Sometimes, I wanted so badly to be like other young teenage girls I knew, full of silly laughter about nothing at all, and not always burdened down with responsibilities and worries that made me feel so much older than my years. But the same had been true for my poor mother. How quickly her life had flown by. One moment she was like an innocent child, exploring, discovering, living in what must have seemed to her to be an eternal spring; and then, suddenly, all the dark clouds rolled in and her smiles dimmed, her laughter died somewhere in the swamp, and she faded and aged like a leaf drying in the premature autumn of her short life. How unfair. If there is a heaven or a hell, I thought, it's right here on earth. We don't have to die to enter one or the other.
Exhausted, my mind reeling from the revelations, I rose from the rocker and made my way quickly to bed, putting out all the lights behind me as I went, leaving a trail of darkness and returning the world to the demons that feasted so hungrily and so successfully on our vulnerable hearts.

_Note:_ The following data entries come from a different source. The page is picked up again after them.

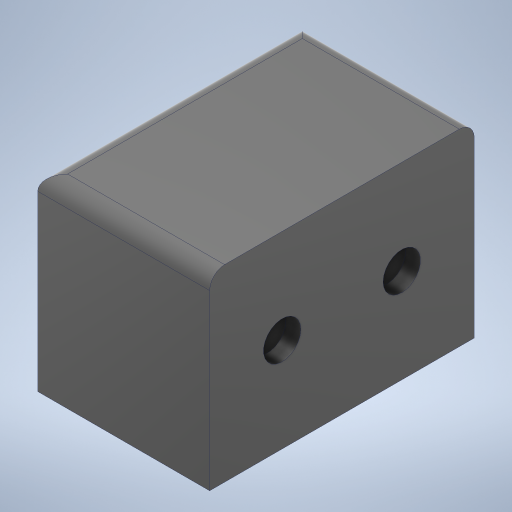
# Autodesk Inventor part: IR sensor
Saved by Autodesk Inventor 2024 (Build 280153000, 153)
## iProperties
Created: 2023-10-20
Part Number: IR sensor
Material: ABS Plastic
Document SubType Name: Modeling
Designer: kdcao
Density: 1.06 g/cm^3
Appearance: PTFE
Author: kdcao
Autodesk Inventor part; units mm, degrees
ref_plane "YZ Plane" through (0, 0, 0) normal (1, 0, 0) x (0, 1, 0)
ref_plane "XZ Plane" through (0, 0, 0) normal (0, 1, 0) x (-1, 0, 0)
sketch "Sketch2" plane through (0, 0, 0) normal (1, 0, 0) x (0, 1, 0)
  line L0 (-6.3, 8.85) -> (6.3, 8.85)
  line L1 (6.3, 8.85) -> (6.3, -8.85)
  line L2 (6.3, -8.85) -> (-6.3, -8.85)
  line L3 (-6.3, -8.85) -> (-6.3, 8.85)
  line L4 (-6.3, 8.85) -> (6.3, -8.85) construction
  line L5 (6.3, 8.85) -> (-6.3, -8.85) construction
  point P0 (0, 0)
  dimension "d0" = 17.7
  dimension "d1" = 12.6
  constraints: 12 end point, 2 midpoint, 2 parallel, 1 horizontal, 1 perpendicular
  measures "d0" distance of L0.end L1.end
  measures "d1" distance of L0.start L0.end
extrude "Extrusion1" add sketch "Sketch2" along normal blind 11.5
fillet "Fillet1" radius 1 3 edges at (5.75, 6.3, 8.85) (5.75, 6.3, -8.85) (0, 6.3, 0)
ref_plane "Work Plane1" through (0, -6.3, 0) normal (0, 0, 1) x (1, 0, 0)
sketch "Sketch3" plane through (11.5, 0, 0) normal (1, 0, 0) x (0, 0, -1)
  circle A0 centre (-4, 0) radius 1.25
  point P0 (0, 0)
  dimension "d5" = 2.5
  dimension "d6" = 4
  constraints: 1 centre point
  measures "d5" diameter of A0
  measures "d6" distance of point (0, 0) A0.centre
hole "Hole1" at (11.5, 0, 4) direction (-1, 0, 0) diameter 2.5 depth 1
mirror "Mirror1" about plane through (0, -6.3, 0) normal (0, 0, 1) of "Hole1"
body "Solid1"

Poor Grandmère, I thought, and said a little prayer for her. She had been through so much trouble and tragedy and yet she cared so for others and especially for me, instead of becoming bitter and cynical. Never did I go to sleep myself loving her more, nor did I ever believe I could go to sleep crying for my dead mother, a mother I had never known, more than I could cry for myself. But I did.
The next morning Grandmère got herself up with a struggle and made her way down to the kitchen. I heard her slow, ponderous footsteps and decided that I would do all that I could to cheer her up again and get her to return to her old, vibrant self. When I joined her at breakfast, I didn't talk about our discussions the night before, nor did I ask her any more questions about the past. Instead, I rattled on about our work and especially about the new painting I was planning.
"It's a painting of you, Grandmère," I said.
"Me? Oh, no, honey. I ain't fit to be the subject of any painting. I'm old and wrinkled and—"
"You're perfect, Grandmère, and very important. I want you sitting in your rocker on the galerie. I'll try to get as much of the house in, too, but you are the subject. After all, how many portraits are there of Cajun spiritual healers? I'm sure, if I do it well, people in New Orleans will pay dearly for it," I added to persuade her.
"I'm not one to sit around all day and model for pictures," she insisted, but I knew she would. It would make it easier for her to rest and her conscience wouldn't bother her so much about not working on her loom or embroidering tablecloths and napkins.
I began the portrait that afternoon.
"Does this mean I've got to wear the same thing every day until you finish that picture, Ruby?" she asked me.
"No, Grandmère. Once I've painted you in something, I don't need to see you in it constantly. The picture is already locked in here," I said, pointing to my temple.
I worked as hard and as fast as I could on her picture, concentrating on capturing her as accurately as I was able. Every day I worked, she fell asleep in her chair midway through the sitting. I thought there was a peacefulness about her and tried to get that feeling in the picture. One day I decided there should be a rice bird on the railing, and then, it came to me that I would put a face in the window looking out. I didn't tell Grandmère, but the face I drew and then painted was my mother's face. I used the old pictures for inspiration.